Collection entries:

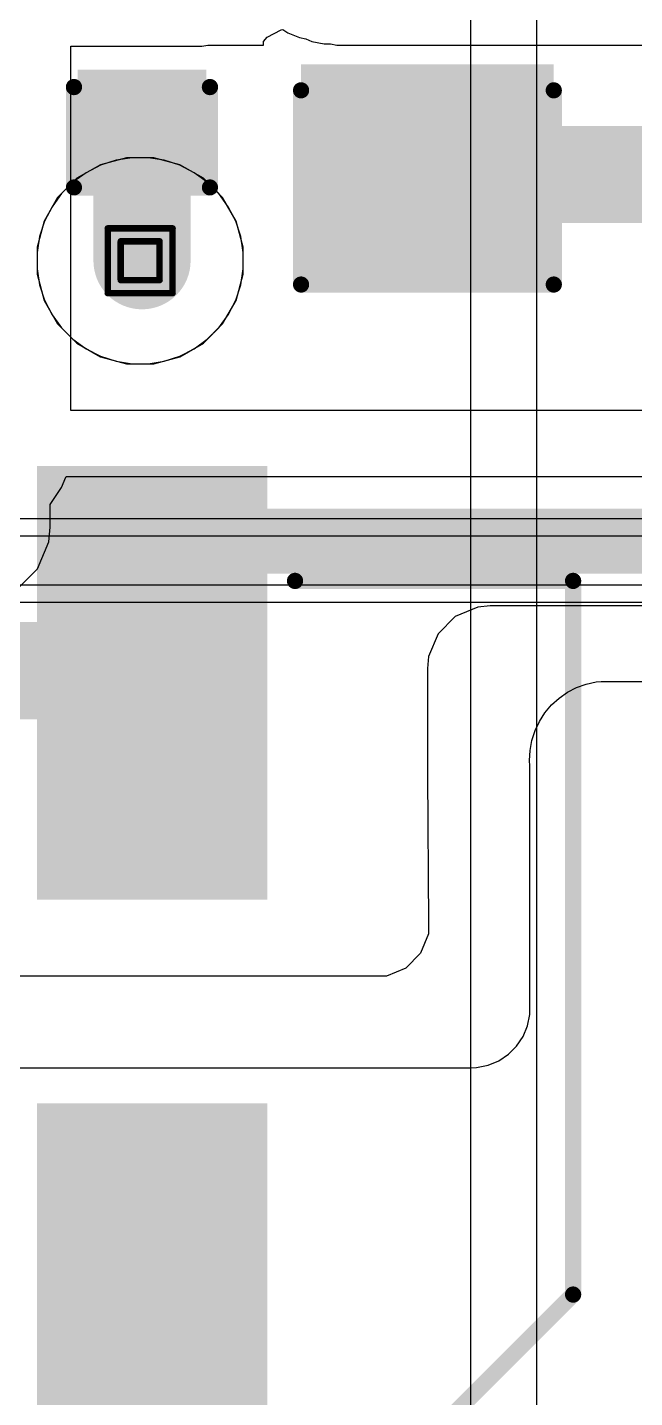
# Model space of a CAD drawing. Header units: inches. Extents: x -5 to 230, y -4 to 159.
# Drawn here: x 72.67 to 77.43, y 26.92 to 37.67 of the extents above; entities that cross this region are included whole.
import ezdxf

# ---------------------------------------------------------------- set-up
doc = ezdxf.new("R2010")
doc.units = ezdxf.units.IN
for name, color, linetype in [('Bottom Layer', 5, 'Continuous'), ('Drill Drawing', 1, 'Continuous'), ('Layer 1', 16, 'Continuous'), ('Layer 2', 76, 'Continuous'), ('Top Layer', 1, 'Continuous'), ('Top Overlay', 2, 'Continuous'), ('Top Paste', 8, 'Continuous'), ('Top Solder', 216, 'Continuous'), ('Via Holes', 16, 'Continuous')]:
    doc.layers.add(name, color=color, linetype=linetype)

# ---------------------------------------------------------------- blocks, each defined once
blk = doc.blocks.new('EEE_FK1E101XP_1')
at = {"layer": 'Top Layer'}
for points in [[(-4.1, 0.8), (-0.9, 0.8), (-0.9, -0.8), (-4.1, -0.8)], [(0.9, 0.8), (4.1, 0.8), (4.1, -0.8), (0.9, -0.8)]]:
    blk.add_hatch(color=1, dxfattribs=at).paths.add_polyline_path(points)
at = {"layer": 'Top Paste'}
for points in [[(-4.1, 0.8), (-0.9, 0.8), (-0.9, -0.8), (-4.1, -0.8)], [(0.9, 0.8), (4.1, 0.8), (4.1, -0.8), (0.9, -0.8)]]:
    blk.add_hatch(color=8, dxfattribs=at).paths.add_polyline_path(points)
at = {"layer": 'Top Solder'}
for points in [[(-4.202, 0.902), (-0.798, 0.902), (-0.798, -0.902), (-4.202, -0.902)], [(0.798, 0.902), (4.202, 0.902), (4.202, -0.902), (0.798, -0.902)]]:
    blk.add_hatch(color=216, dxfattribs=at).paths.add_polyline_path(points)
at = {"layer": 'Top Overlay'}
for points in [[(-2.3, 3.3, 0.127, 0.127, 0), (-3.3, 2.3, 0.127, 0.127, 0)], [(-2.3, 3.3, 0.127, 0.127, 0), (3.3, 3.3, 0.127, 0.127, 0)], [(3.3, 3.3, 0.127, 0.127, 0), (3.3, 1.12, 0.127, 0.127, 0)], [(-3.3, 2.3, 0.127, 0.127, 0), (-3.3, 1.12, 0.127, 0.127, 0)], [(-3.835, 1.473, 0.127, 0.127, 0), (-3.835, 1.016, 0.127, 0.127, 0)], [(-4.064, 1.245, 0.127, 0.127, 0), (-3.607, 1.245, 0.127, 0.127, 0)], [(-3.3, -1.12, 0.127, 0.127, 0), (-3.3, -2.3, 0.127, 0.127, 0)], [(3.3, -1.12, 0.127, 0.127, 0), (3.3, -3.3, 0.127, 0.127, 0)], [(-3.3, -2.3, 0.127, 0.127, 0), (-2.3, -3.3, 0.127, 0.127, 0)], [(-2.3, -3.3, 0.127, 0.127, 0), (3.3, -3.3, 0.127, 0.127, 0)]]:
    blk.add_lwpolyline(points, format="xyseb", dxfattribs=at)
for points in [[(-2.332, 3.3, 0.0635, 0.0635, 1), (-2.268, 3.3, 0.0635, 0.0635, 1)], [(-2.332, 3.3, 0.0635, 0.0635, 1), (-2.268, 3.3, 0.0635, 0.0635, 1)], [(3.268, 3.3, 0.0635, 0.0635, 1), (3.332, 3.3, 0.0635, 0.0635, 1)], [(3.268, 3.3, 0.0635, 0.0635, 1), (3.332, 3.3, 0.0635, 0.0635, 1)], [(-3.332, 2.3, 0.0635, 0.0635, 1), (-3.268, 2.3, 0.0635, 0.0635, 1)], [(-3.332, 2.3, 0.0635, 0.0635, 1), (-3.268, 2.3, 0.0635, 0.0635, 1)], [(-3.867, 1.473, 0.0635, 0.0635, 1), (-3.804, 1.473, 0.0635, 0.0635, 1)], [(-4.096, 1.245, 0.0635, 0.0635, 1), (-4.032, 1.245, 0.0635, 0.0635, 1)], [(-3.639, 1.245, 0.0635, 0.0635, 1), (-3.575, 1.245, 0.0635, 0.0635, 1)], [(-3.332, 1.12, 0.0635, 0.0635, 1), (-3.268, 1.12, 0.0635, 0.0635, 1)], [(3.268, 1.12, 0.0635, 0.0635, 1), (3.332, 1.12, 0.0635, 0.0635, 1)], [(-3.867, 1.016, 0.0635, 0.0635, 1), (-3.804, 1.016, 0.0635, 0.0635, 1)], [(-3.332, -1.12, 0.0635, 0.0635, 1), (-3.268, -1.12, 0.0635, 0.0635, 1)], [(3.268, -1.12, 0.0635, 0.0635, 1), (3.332, -1.12, 0.0635, 0.0635, 1)], [(-3.332, -2.3, 0.0635, 0.0635, 1), (-3.268, -2.3, 0.0635, 0.0635, 1)], [(-3.332, -2.3, 0.0635, 0.0635, 1), (-3.268, -2.3, 0.0635, 0.0635, 1)], [(-2.332, -3.3, 0.0635, 0.0635, 1), (-2.268, -3.3, 0.0635, 0.0635, 1)], [(-2.332, -3.3, 0.0635, 0.0635, 1), (-2.268, -3.3, 0.0635, 0.0635, 1)], [(3.268, -3.3, 0.0635, 0.0635, 1), (3.332, -3.3, 0.0635, 0.0635, 1)], [(3.268, -3.3, 0.0635, 0.0635, 1), (3.332, -3.3, 0.0635, 0.0635, 1)]]:
    blk.add_lwpolyline(points, format="xyseb", close=True, dxfattribs=at)
blk = doc.blocks.new('C___0603_251')
at = {"layer": 'Top Layer'}
for points in [[(-0.381, 0.445), (-0.381, -0.445), (-1.143, -0.445), (-1.143, 0.445)], [(1.143, 0.445), (1.143, -0.445), (0.381, -0.445), (0.381, 0.445)]]:
    blk.add_hatch(color=1, dxfattribs=at).paths.add_polyline_path(points)
at = {"layer": 'Top Paste'}
for points in [[(-0.381, 0.445), (-0.381, -0.445), (-1.143, -0.445), (-1.143, 0.445)], [(1.143, 0.445), (1.143, -0.445), (0.381, -0.445), (0.381, 0.445)]]:
    blk.add_hatch(color=8, dxfattribs=at).paths.add_polyline_path(points)
at = {"layer": 'Top Solder'}
for points in [[(-0.321, 0.504), (-0.321, -0.504), (-1.203, -0.504), (-1.203, 0.504)], [(1.203, 0.504), (1.203, -0.504), (0.321, -0.504), (0.321, 0.504)]]:
    blk.add_hatch(color=216, dxfattribs=at).paths.add_polyline_path(points)
at = {"layer": 'Top Overlay'}
for points in [[(-1.245, 0.533, 0.127, 0.127, 0), (-1.245, -0.533, 0.127, 0.127, 0)], [(-1.245, 0.533, 0.127, 0.127, 0), (-0.457, 0.533, 0.127, 0.127, 0)], [(0.457, 0.533, 0.127, 0.127, 0), (1.245, 0.533, 0.127, 0.127, 0)], [(1.245, 0.533, 0.127, 0.127, 0), (1.245, -0.533, 0.127, 0.127, 0)], [(-1.245, -0.533, 0.127, 0.127, 0), (-0.457, -0.533, 0.127, 0.127, 0)], [(0.457, -0.533, 0.127, 0.127, 0), (1.245, -0.533, 0.127, 0.127, 0)]]:
    blk.add_lwpolyline(points, format="xyseb", dxfattribs=at)
for points in [[(-1.276, 0.533, 0.0635, 0.0635, 1), (-1.213, 0.533, 0.0635, 0.0635, 1)], [(-1.276, 0.533, 0.0635, 0.0635, 1), (-1.213, 0.533, 0.0635, 0.0635, 1)], [(-0.489, 0.533, 0.0635, 0.0635, 1), (-0.425, 0.533, 0.0635, 0.0635, 1)], [(0.425, 0.533, 0.0635, 0.0635, 1), (0.489, 0.533, 0.0635, 0.0635, 1)], [(1.213, 0.533, 0.0635, 0.0635, 1), (1.276, 0.533, 0.0635, 0.0635, 1)], [(1.213, 0.533, 0.0635, 0.0635, 1), (1.276, 0.533, 0.0635, 0.0635, 1)], [(-1.276, -0.533, 0.0635, 0.0635, 1), (-1.213, -0.533, 0.0635, 0.0635, 1)], [(-1.276, -0.533, 0.0635, 0.0635, 1), (-1.213, -0.533, 0.0635, 0.0635, 1)], [(-0.489, -0.533, 0.0635, 0.0635, 1), (-0.425, -0.533, 0.0635, 0.0635, 1)], [(0.425, -0.533, 0.0635, 0.0635, 1), (0.489, -0.533, 0.0635, 0.0635, 1)], [(1.213, -0.533, 0.0635, 0.0635, 1), (1.276, -0.533, 0.0635, 0.0635, 1)], [(1.213, -0.533, 0.0635, 0.0635, 1), (1.276, -0.533, 0.0635, 0.0635, 1)]]:
    blk.add_lwpolyline(points, format="xyseb", close=True, dxfattribs=at)
blk = doc.blocks.new('C___1206_252')
at = {"layer": 'Top Layer'}
for points in [[(-2.032, 0.889), (-0.508, 0.889), (-0.508, -0.889), (-2.032, -0.889)], [(0.508, 0.889), (2.032, 0.889), (2.032, -0.889), (0.508, -0.889)]]:
    blk.add_hatch(color=1, dxfattribs=at).paths.add_polyline_path(points)
at = {"layer": 'Top Paste'}
for points in [[(-2.032, 0.889), (-0.508, 0.889), (-0.508, -0.889), (-2.032, -0.889)], [(0.508, 0.889), (2.032, 0.889), (2.032, -0.889), (0.508, -0.889)]]:
    blk.add_hatch(color=8, dxfattribs=at).paths.add_polyline_path(points)
at = {"layer": 'Top Solder'}
for points in [[(-2.1336, 0.9906), (-0.4064, 0.9906), (-0.4064, -0.9906), (-2.1336, -0.9906)], [(0.4064, 0.9906), (2.1336, 0.9906), (2.1336, -0.9906), (0.4064, -0.9906)]]:
    blk.add_hatch(color=216, dxfattribs=at).paths.add_polyline_path(points)
at = {"layer": 'Top Overlay'}
for points in [[(-2.1336, 0.9906, 0.127, 0.127, 0), (-2.1336, -0.9906, 0.127, 0.127, 0)], [(-2.1336, 0.9906, 0.127, 0.127, 0), (-0.6096, 0.9906, 0.127, 0.127, 0)], [(0.6096, 0.9906, 0.127, 0.127, 0), (2.1336, 0.9906, 0.127, 0.127, 0)], [(2.1336, 0.9906, 0.127, 0.127, 0), (2.1336, -0.9906, 0.127, 0.127, 0)], [(-2.1336, -0.9906, 0.127, 0.127, 0), (-0.6096, -0.9906, 0.127, 0.127, 0)], [(0.6096, -0.9906, 0.127, 0.127, 0), (2.1336, -0.9906, 0.127, 0.127, 0)]]:
    blk.add_lwpolyline(points, format="xyseb", dxfattribs=at)
for points in [[(-2.16535, 0.9906, 0.0635, 0.0635, 1), (-2.10185, 0.9906, 0.0635, 0.0635, 1)], [(-2.16535, 0.9906, 0.0635, 0.0635, 1), (-2.10185, 0.9906, 0.0635, 0.0635, 1)], [(-0.64135, 0.9906, 0.0635, 0.0635, 1), (-0.57785, 0.9906, 0.0635, 0.0635, 1)], [(0.57785, 0.9906, 0.0635, 0.0635, 1), (0.64135, 0.9906, 0.0635, 0.0635, 1)], [(2.10185, 0.9906, 0.0635, 0.0635, 1), (2.16535, 0.9906, 0.0635, 0.0635, 1)], [(2.10185, 0.9906, 0.0635, 0.0635, 1), (2.16535, 0.9906, 0.0635, 0.0635, 1)], [(-2.16535, -0.9906, 0.0635, 0.0635, 1), (-2.10185, -0.9906, 0.0635, 0.0635, 1)], [(-2.16535, -0.9906, 0.0635, 0.0635, 1), (-2.10185, -0.9906, 0.0635, 0.0635, 1)], [(-0.64135, -0.9906, 0.0635, 0.0635, 1), (-0.57785, -0.9906, 0.0635, 0.0635, 1)], [(0.57785, -0.9906, 0.0635, 0.0635, 1), (0.64135, -0.9906, 0.0635, 0.0635, 1)], [(2.10185, -0.9906, 0.0635, 0.0635, 1), (2.16535, -0.9906, 0.0635, 0.0635, 1)], [(2.10185, -0.9906, 0.0635, 0.0635, 1), (2.16535, -0.9906, 0.0635, 0.0635, 1)]]:
    blk.add_lwpolyline(points, format="xyseb", close=True, dxfattribs=at)

msp = doc.modelspace()

# ---------------------------------------------------------------- hatches: boundary and pattern name
at = {"layer": 'Bottom Layer'}
h = msp.add_hatch(color=5, dxfattribs=at)
edge = h.paths.add_edge_path()
edge.add_arc((73.55, 35.839), 0.3, 0, 360)
at = {"layer": 'Layer 1'}
h = msp.add_hatch(color=16, dxfattribs=at)
edge = h.paths.add_edge_path()
edge.add_arc((73.55, 35.839), 0.3, 0, 360)
at = {"layer": 'Layer 2'}
h = msp.add_hatch(color=76, dxfattribs=at)
edge = h.paths.add_edge_path()
edge.add_arc((73.55, 35.839), 0.3, 0, 360)
at = {"layer": 'Top Layer'}
h = msp.add_hatch(color=1, dxfattribs=at)
edge = h.paths.add_edge_path()
edge.add_arc((73.55, 35.839), 0.3, 0, 360)
at = {"layer": 'Via Holes'}
h = msp.add_hatch(color=7, dxfattribs=at)
edge = h.paths.add_edge_path()
edge.add_arc((73.55, 35.839), 0.15, 0, 360)

# ---------------------------------------------------------------- linework, layer by layer
at = {"layer": 'Bottom Layer'}
for p, q in [((73.24, 36.588), (73.126, 36.53)), ((73.361, 36.628), (73.24, 36.588)), ((73.486, 36.647), (73.361, 36.628)), ((73.613, 36.647), (73.486, 36.647)), ((73.739, 36.628), (73.613, 36.647)), ((73.86, 36.588), (73.739, 36.628)), ((73.973, 36.53), (73.86, 36.588)), ((73.023, 36.456), (72.934, 36.366)), ((73.126, 36.53), (73.023, 36.456)), ((74.076, 36.456), (73.973, 36.53)), ((74.166, 36.366), (74.076, 36.456)), ((72.934, 36.366), (72.859, 36.263)), ((74.241, 36.263), (74.166, 36.366)), ((72.859, 36.263), (72.801, 36.15)), ((74.299, 36.15), (74.241, 36.263)), ((72.801, 36.15), (72.762, 36.029)), ((74.338, 36.029), (74.299, 36.15)), ((72.762, 36.029), (72.742, 35.903)), ((74.358, 35.903), (74.338, 36.029)), ((72.742, 35.903), (72.742, 35.776)), ((74.358, 35.776), (74.358, 35.903)), ((72.742, 35.776), (72.762, 35.65)), ((74.338, 35.65), (74.358, 35.776)), ((72.762, 35.65), (72.801, 35.529)), ((74.299, 35.529), (74.338, 35.65)), ((72.801, 35.529), (72.859, 35.416)), ((74.241, 35.416), (74.299, 35.529)), ((72.859, 35.416), (72.934, 35.313)), ((74.166, 35.313), (74.241, 35.416)), ((72.934, 35.313), (73.023, 35.223)), ((74.076, 35.223), (74.166, 35.313)), ((73.023, 35.223), (73.126, 35.148)), ((73.973, 35.148), (74.076, 35.223)), ((73.126, 35.148), (73.24, 35.091)), ((73.24, 35.091), (73.361, 35.051)), ((73.361, 35.051), (73.486, 35.031)), ((73.613, 35.031), (73.739, 35.051)), ((73.739, 35.051), (73.86, 35.091)), ((73.86, 35.091), (73.973, 35.148)), ((73.486, 35.031), (73.613, 35.031)), ((78.942, 33.813), (68.095, 33.813)), ((72.011, 33.295), (78.942, 33.295))]:
    msp.add_line(p, q, dxfattribs=at)
at = {"layer": 'Drill Drawing'}
for points in [[(73.296, 36.093, 0.0508, 0.0508, 0), (73.804, 36.093, 0.0508, 0.0508, 0)], [(73.296, 35.585, 0.0508, 0.0508, 0), (73.296, 36.093, 0.0508, 0.0508, 0)], [(73.804, 35.585, 0.0508, 0.0508, 0), (73.804, 36.093, 0.0508, 0.0508, 0)], [(73.397, 35.992, 0.0508, 0.0508, 0), (73.702, 35.992, 0.0508, 0.0508, 0)], [(73.397, 35.687, 0.0508, 0.0508, 0), (73.397, 35.992, 0.0508, 0.0508, 0)], [(73.702, 35.687, 0.0508, 0.0508, 0), (73.702, 35.992, 0.0508, 0.0508, 0)], [(73.397, 35.687, 0.0508, 0.0508, 0), (73.702, 35.687, 0.0508, 0.0508, 0)], [(73.296, 35.585, 0.0508, 0.0508, 0), (73.804, 35.585, 0.0508, 0.0508, 0)]]:
    msp.add_lwpolyline(points, format="xyseb", dxfattribs=at)
for points in [[(73.283, 36.093, 0.0254, 0.0254, 1), (73.309, 36.093, 0.0254, 0.0254, 1)], [(73.283, 36.093, 0.0254, 0.0254, 1), (73.309, 36.093, 0.0254, 0.0254, 1)], [(73.791, 36.093, 0.0254, 0.0254, 1), (73.817, 36.093, 0.0254, 0.0254, 1)], [(73.791, 36.093, 0.0254, 0.0254, 1), (73.817, 36.093, 0.0254, 0.0254, 1)], [(73.385, 35.992, 0.0254, 0.0254, 1), (73.41, 35.992, 0.0254, 0.0254, 1)], [(73.385, 35.992, 0.0254, 0.0254, 1), (73.41, 35.992, 0.0254, 0.0254, 1)], [(73.69, 35.992, 0.0254, 0.0254, 1), (73.715, 35.992, 0.0254, 0.0254, 1)], [(73.69, 35.992, 0.0254, 0.0254, 1), (73.715, 35.992, 0.0254, 0.0254, 1)], [(73.385, 35.687, 0.0254, 0.0254, 1), (73.41, 35.687, 0.0254, 0.0254, 1)], [(73.385, 35.687, 0.0254, 0.0254, 1), (73.41, 35.687, 0.0254, 0.0254, 1)], [(73.69, 35.687, 0.0254, 0.0254, 1), (73.715, 35.687, 0.0254, 0.0254, 1)], [(73.69, 35.687, 0.0254, 0.0254, 1), (73.715, 35.687, 0.0254, 0.0254, 1)], [(73.283, 35.585, 0.0254, 0.0254, 1), (73.309, 35.585, 0.0254, 0.0254, 1)], [(73.283, 35.585, 0.0254, 0.0254, 1), (73.309, 35.585, 0.0254, 0.0254, 1)], [(73.791, 35.585, 0.0254, 0.0254, 1), (73.817, 35.585, 0.0254, 0.0254, 1)], [(73.791, 35.585, 0.0254, 0.0254, 1), (73.817, 35.585, 0.0254, 0.0254, 1)]]:
    msp.add_lwpolyline(points, format="xyseb", close=True, dxfattribs=at)
at = {"layer": 'Layer 1'}
for p, q in [((87.338, 33.679), (47.258, 33.679)), ((47.258, 33.161), (87.924, 33.161))]:
    msp.add_line(p, q, dxfattribs=at)
at = {"layer": 'Layer 2'}
for p, q in [((76.659, 9.222), (76.659, 56.136)), ((76.141, 47.009), (76.141, 9.235)), ((73.238, 36.592), (73.054, 36.486)), ((73.443, 36.647), (73.238, 36.592)), ((73.656, 36.647), (73.443, 36.647)), ((73.862, 36.592), (73.656, 36.647)), ((74.046, 36.486), (73.862, 36.592)), ((73.054, 36.486), (72.903, 36.336)), ((74.196, 36.336), (74.046, 36.486)), ((72.903, 36.336), (72.797, 36.151)), ((74.303, 36.151), (74.196, 36.336)), ((72.797, 36.151), (72.742, 35.946)), ((74.358, 35.946), (74.303, 36.151)), ((72.742, 35.946), (72.742, 35.733)), ((74.358, 35.733), (74.358, 35.946)), ((72.742, 35.733), (72.797, 35.528)), ((74.303, 35.528), (74.358, 35.733)), ((72.797, 35.528), (72.903, 35.343)), ((74.196, 35.343), (74.303, 35.528)), ((72.903, 35.343), (73.054, 35.193)), ((74.046, 35.193), (74.196, 35.343)), ((73.054, 35.193), (73.238, 35.086)), ((73.862, 35.086), (74.046, 35.193)), ((73.238, 35.086), (73.443, 35.031)), ((73.656, 35.031), (73.862, 35.086)), ((73.443, 35.031), (73.656, 35.031))]:
    msp.add_line(p, q, dxfattribs=at)
at = {"layer": 'Top Layer'}
for p, q in [((74.546, 37.593), (74.656, 37.651)), ((74.656, 37.651), (74.669, 37.653)), ((74.669, 37.653), (74.708, 37.627)), ((74.033, 37.522), (74.08, 37.532)), ((74.08, 37.532), (74.08, 37.532)), ((74.08, 37.532), (74.083, 37.532)), ((74.083, 37.532), (74.134, 37.532)), ((74.134, 37.532), (74.134, 37.532)), ((74.134, 37.532), (74.517, 37.532)), ((74.517, 37.56), (74.546, 37.593)), ((74.517, 37.532), (74.517, 37.56)), ((74.708, 37.627), (74.798, 37.59)), ((74.798, 37.59), (74.849, 37.58)), ((74.849, 37.58), (74.896, 37.56)), ((74.896, 37.56), (74.992, 37.541)), ((74.992, 37.541), (75.043, 37.541)), ((75.043, 37.541), (75.093, 37.531)), ((75.093, 37.531), (82.702, 37.531)), ((73.007, 34.665), (73.007, 37.522)), ((73.007, 37.522), (74.033, 37.522)), ((85.438, 34.665), (73.007, 34.665)), ((72.934, 34.06), (72.967, 34.141)), ((72.967, 34.141), (72.969, 34.147)), ((72.969, 34.147), (85.438, 34.147)), ((72.844, 33.926), (72.934, 34.06)), ((72.844, 33.749), (72.844, 33.926)), ((72.833, 33.634), (72.844, 33.749)), ((72.745, 33.422), (72.833, 33.634)), ((72.583, 33.26), (72.745, 33.422)), ((76.198, 33.121), (76.02, 33.048)), ((76.294, 33.131), (76.198, 33.121)), ((85.438, 33.131), (76.294, 33.131)), ((76.02, 33.048), (75.885, 32.912)), ((75.885, 32.912), (75.811, 32.735)), ((75.811, 32.735), (75.802, 32.639)), ((75.802, 32.639), (75.802, 31.805)), ((76.9, 32.453), (76.971, 32.49)), ((76.971, 32.49), (77.047, 32.517)), ((77.047, 32.517), (77.125, 32.534)), ((77.125, 32.534), (77.165, 32.537)), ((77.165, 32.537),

■ Prompt:
The answer must consist of every line from the data that holds the string "Holes".

■ Result of the exercise:
for name, color, linetype in [('Bottom Layer', 5, 'Continuous'), ('Drill Drawing', 1, 'Continuous'), ('Layer 1', 16, 'Continuous'), ('Layer 2', 76, 'Continuous'), ('Top Layer', 1, 'Continuous'), ('Top Overlay', 2, 'Continuous'), ('Top Paste', 8, 'Continuous'), ('Top Solder', 216, 'Continuous'), ('Via Holes', 16, 'Continuous')]:
at = {"layer": 'Via Holes'}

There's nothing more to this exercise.